From the line below that contains "settings Model: Creator=Nic" to the line that contains "settings OptimizationCC: BlockReduction=off", repeat every line exactly, both ends included, and nothing else.

[Saved data entries]
__________
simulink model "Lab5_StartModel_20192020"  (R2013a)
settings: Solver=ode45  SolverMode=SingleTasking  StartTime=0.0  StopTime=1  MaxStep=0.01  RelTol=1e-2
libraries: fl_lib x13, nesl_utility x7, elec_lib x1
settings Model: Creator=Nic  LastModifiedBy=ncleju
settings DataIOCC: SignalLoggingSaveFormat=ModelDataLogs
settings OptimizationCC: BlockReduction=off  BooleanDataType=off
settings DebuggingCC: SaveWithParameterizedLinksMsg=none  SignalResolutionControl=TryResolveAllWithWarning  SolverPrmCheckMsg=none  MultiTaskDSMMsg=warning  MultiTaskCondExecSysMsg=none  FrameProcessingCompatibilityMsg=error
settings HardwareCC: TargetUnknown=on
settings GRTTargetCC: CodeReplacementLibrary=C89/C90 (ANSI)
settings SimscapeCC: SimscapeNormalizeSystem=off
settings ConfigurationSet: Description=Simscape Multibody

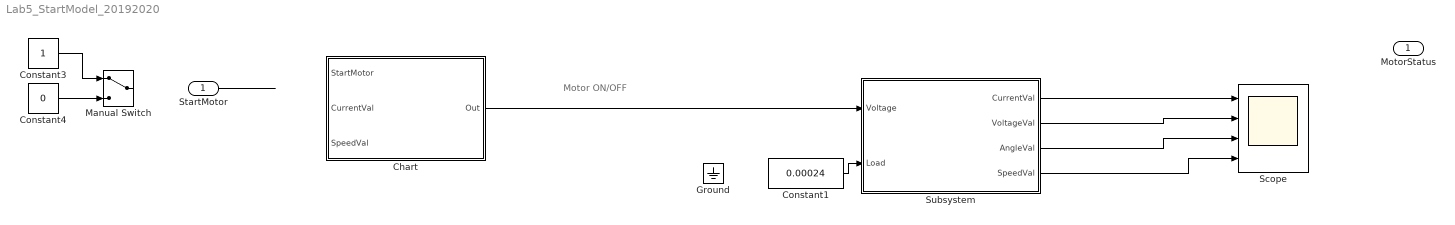
== system Lab5_StartModel_20192020 ==
  note: Motor ON/OFF
  StartMotor : Inport
  Chart : Stateflow chart  TreatAsAtomicUnit=on
      settings: PermitHierarchicalResolution=ParametersOnly
  Constant1 : Constant  Value=0.00024
  Constant3 : Constant
  Constant4 : Constant  Value=0
  Ground : Ground
  Manual Switch : ManualSwitch
  Scope : Scope  NumInputPorts=4
      settings: TimeRange=auto  LimitDataPoints=on  MaxDataPoints=5000  SaveToWorkspace=off  SaveName=ScopeData  YMin=-1~0~-25~-750  YMax=18~11~425~750  SampleTime=-1  DataFormat=Array
  Subsystem : Subsystem
  MotorStatus : Outport
  wires:
  Subsystem/1(CurrentVal) -> Scope/1
  Subsystem/2(VoltageVal) -> Scope/2
  Subsystem/3("AngleVal\t") -> Scope/3
  Subsystem/4(SpeedVal) -> Scope/4
  Constant1/1 -> Subsystem/2(Load)
  Chart/1(Out) -> Subsystem/1(Voltage)
  StartMotor/1 -> ?
  ? -> MotorStatus/1
  Constant4/1 -> Manual Switch/2
  Constant3/1 -> Manual Switch/1

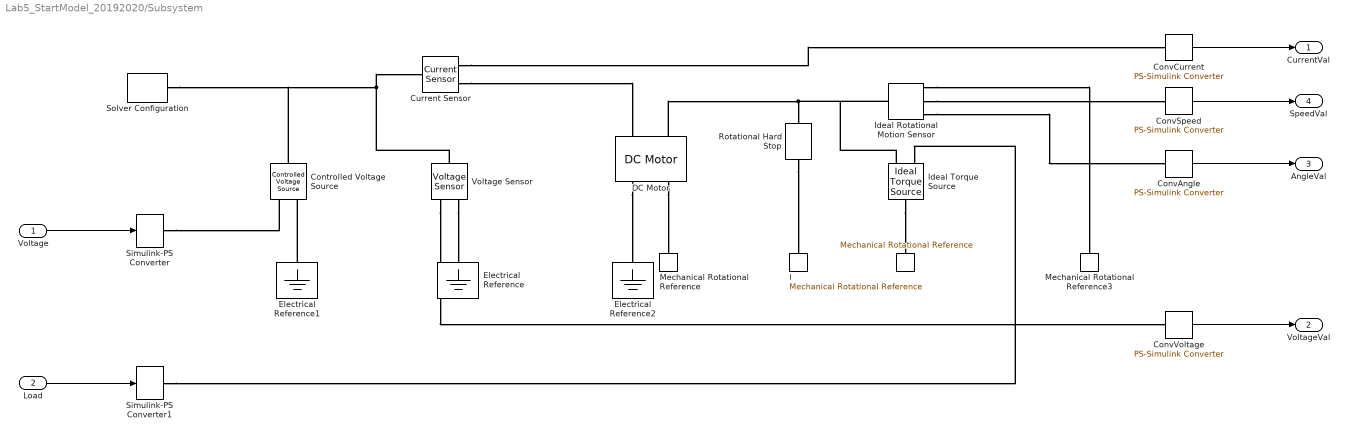
== system Lab5_StartModel_20192020/Subsystem ==
  Voltage : Inport
  Load : Inport  Port=2
  " " : fl_lib/Mechanical/Rotational Elements/Mechanical Rotational Reference
  Controlled Voltage Source : fl_lib/Electrical/Electrical Sources/Controlled Voltage Source
  ConvAngle : nesl_utility/PS-Simulink Converter  PhysicalDomain=network_engine_domain  SubClassName=ps_output  LeftPortType=input  RightPortType=output  PseudoPeriodic=off  Frequencies=[]  AffineConversion=off
  ConvCurrent : nesl_utility/PS-Simulink Converter  PhysicalDomain=network_engine_domain  SubClassName=ps_output  LeftPortType=input  RightPortType=output  PseudoPeriodic=off  Frequencies=[]  AffineConversion=off
  ConvSpeed : nesl_utility/PS-Simulink Converter  PhysicalDomain=network_engine_domain  SubClassName=ps_output  LeftPortType=input  RightPortType=output  PseudoPeriodic=off  Frequencies=[]  AffineConversion=off
  ConvVoltage : nesl_utility/PS-Simulink Converter  PhysicalDomain=network_engine_domain  SubClassName=ps_output  LeftPortType=input  RightPortType=output  PseudoPeriodic=off  Frequencies=[]  AffineConversion=off
  Current Sensor : fl_lib/Electrical/Electrical Sensors/Current Sensor
  DC Motor : elec_lib/Actuators & Drivers/Rotational Actuators/DC Motor  parameterization=1  Ra=0.83 Ohm  La=0.63 mH  emf_or_torque=1  Kv=0.00191 V/rpm  Ki=6.876e-4 N*m/A  T_stall=2.4e-4 N*m  w_max=1.91e+4 rpm  w_rated=1.5e+4 rpm  P_rated=0.08 W  V_rated=1.5 V  J=4.2E-06 kg*m^2  lam_param=1  lam=0 N*m/(rad/s)  i_noload=0 A  V_i_noload=1.5 V  speed0=0 rpm  alpha=0.00393 1/K  Tmeas=25 C  thermal_mass=100 J/K  initial_temperature=25 C
  Electrical Reference : fl_lib/Electrical/Electrical Elements/Electrical Reference
  Electrical Reference1 : fl_lib/Electrical/Electrical Elements/Electrical Reference
  Electrical Reference2 : fl_lib/Electrical/Electrical Elements/Electrical Reference
  Ideal Rotational Motion Sensor : fl_lib/Mechanical/Mechanical Sensors/Ideal Rotational Motion Sensor  offset=0 rad
  Ideal Torque Source : fl_lib/Mechanical/Mechanical Sources/Ideal Torque Source
  Mechanical Rotational Reference : fl_lib/Mechanical/Rotational Elements/Mechanical Rotational Reference
  Mechanical Rotational Reference3 : fl_lib/Mechanical/Rotational Elements/Mechanical Rotational Reference
  Rotational Hard Stop : fl_lib/Mechanical/Rotational Elements/Rotational Hard Stop  upper_bnd=400 rad  lower_bnd=-400 rad  stiff_up=1e6 N*m/rad  stiff_low=1e6 N*m/rad  D_up=0.01 N*m/(rad/s)  D_low=0.01 N*m/(rad/s)  model=3  transition=0.001 rad  w_specify=off  w_priority=None  w=0 rad/s  w_nominal_specify=off  w_nominal_unit=rad/s  w_nominal_value=1  t_specify=off  t_priority=None  t=0 N*m  t_nominal_specify=off  t_nominal_unit=N*m  t_nominal_value=1  phi_specify=on  phi_priority=High  phi=0 rad  phi_nominal_specify=off  phi_nominal_unit=rad  phi_nominal_value=1
  Simulink-PS Converter : nesl_utility/Simulink-PS Converter  PhysicalDomain=network_engine_domain  SubClassName=ps_input  LeftPortType=input  RightPortType=output  PseudoPeriodic=off  Frequencies=[]  NoiseDistribution=none  NoiseParameters=[]  AffineConversion=off  FilteringAndDerivatives=zero  SimscapeFilterOrder=1  InputFilterTimeConstant=0.001  UdotUserProvided=1
  Simulink-PS Converter1 : nesl_utility/Simulink-PS Converter  PhysicalDomain=network_engine_domain  SubClassName=ps_input  LeftPortType=input  RightPortType=output  PseudoPeriodic=off  Frequencies=[]  NoiseDistribution=none  NoiseParameters=[]  AffineConversion=off  FilteringAndDerivatives=zero  SimscapeFilterOrder=1  InputFilterTimeConstant=0.001  UdotUserProvided=1
  Solver Configuration : nesl_utility/Solver Configuration  PhysicalDomain=network_engine_domain  SubClassName=solver  LeftPortType=input  RightPortType=generic  Tones=[]  Harmonics=[]  SimulateNoise=off  Profile=off  UseLocalSampling=off  EnableSwitchedLinearOptims=on  FrequencyDomain=off  UseCCode=off  RelTol=0.001  AbsTol=1e-06  MinStep=1e-09  ToWorkspace=off  RevertToSquareIcSolve=off  NumHomotopyIterations=100  PhasorMode=off  PhasorModeNumHarmonics=1  DoDC=off  ResidualTolerance=1e-09  UseLocalSolver=off  LocalSolverChoice=NE_BACKWARD_EULER_ADVANCER  LocalSolverSampleTime=0.001  DoFixedCost=off  MaxNonlinIter=3  MaxModeIter=2  LinearAlgebra=Sparse  EquationFormulation=NE_TIME_EF  DelaysMemoryBudget=1024  AutomaticFiltering=on  FilteringTimeConstant=0.001  PartitionStorageMethod=AS_NEEDED  PartitionMemoryBudget=1024
  Voltage Sensor : fl_lib/Electrical/Electrical Sensors/Voltage Sensor
  "l " : fl_lib/Mechanical/Rotational Elements/Mechanical Rotational Reference
  CurrentVal : Outport
  VoltageVal : Outport  Port=2
  "AngleVal\t" : Outport  Port=3
  SpeedVal : Outport  Port=4
  wires:
  ConvVoltage/1 -> VoltageVal/1
  Voltage/1 -> Simulink-PS Converter/1
  Load/1 -> Simulink-PS Converter1/1
  ConvCurrent/1 -> CurrentVal/1
  ConvAngle/1 -> "AngleVal\t"/1
  ConvSpeed/1 -> SpeedVal/1
  connections:
  Voltage Sensor/RConn1 -- ConvVoltage/LConn1
  Voltage Sensor/RConn2 -- Electrical Reference/LConn1
  Voltage Sensor/LConn1 -- Controlled Voltage Source/LConn1 -- Solver Configuration/RConn1 -- Current Sensor/LConn1
  DC Motor/RConn2 -- Mechanical Rotational Reference/LConn1
  Simulink-PS Converter/RConn1 -- Controlled Voltage Source/RConn1
  Simulink-PS Converter1/RConn1 -- Ideal Torque Source/RConn1
  Ideal Rotational Motion Sensor/RConn1 -- Mechanical Rotational Reference3/LConn1
  DC Motor/RConn1 -- Electrical Reference2/LConn1
  Current Sensor/RConn1 -- ConvCurrent/LConn1
  Current Sensor/RConn2 -- DC Motor/LConn1
  Rotational Hard Stop/RConn1 -- "l "/LConn1
  Ideal Torque Source/LConn1 -- " "/LConn1
  DC Motor/LConn2 -- Ideal Torque Source/RConn2 -- Ideal Rotational Motion Sensor/LConn1 -- Rotational Hard Stop/LConn1
  Ideal Rotational Motion Sensor/RConn3 -- ConvAngle/LConn1
  Ideal Rotational Motion Sensor/RConn2 -- ConvSpeed/LConn1
  Electrical Reference1/LConn1 -- Controlled Voltage Source/RConn2

== stateflow chart Lab5_StartModel_20192020/Chart ==
  data: StartMotor input; CurrentVal input; SpeedVal input; Out output double
__________
◆ **Solution to this task**:
settings Model: Creator=Nic  LastModifiedBy=ncleju
settings DataIOCC: SignalLoggingSaveFormat=ModelDataLogs
settings OptimizationCC: BlockReduction=off  BooleanDataType=off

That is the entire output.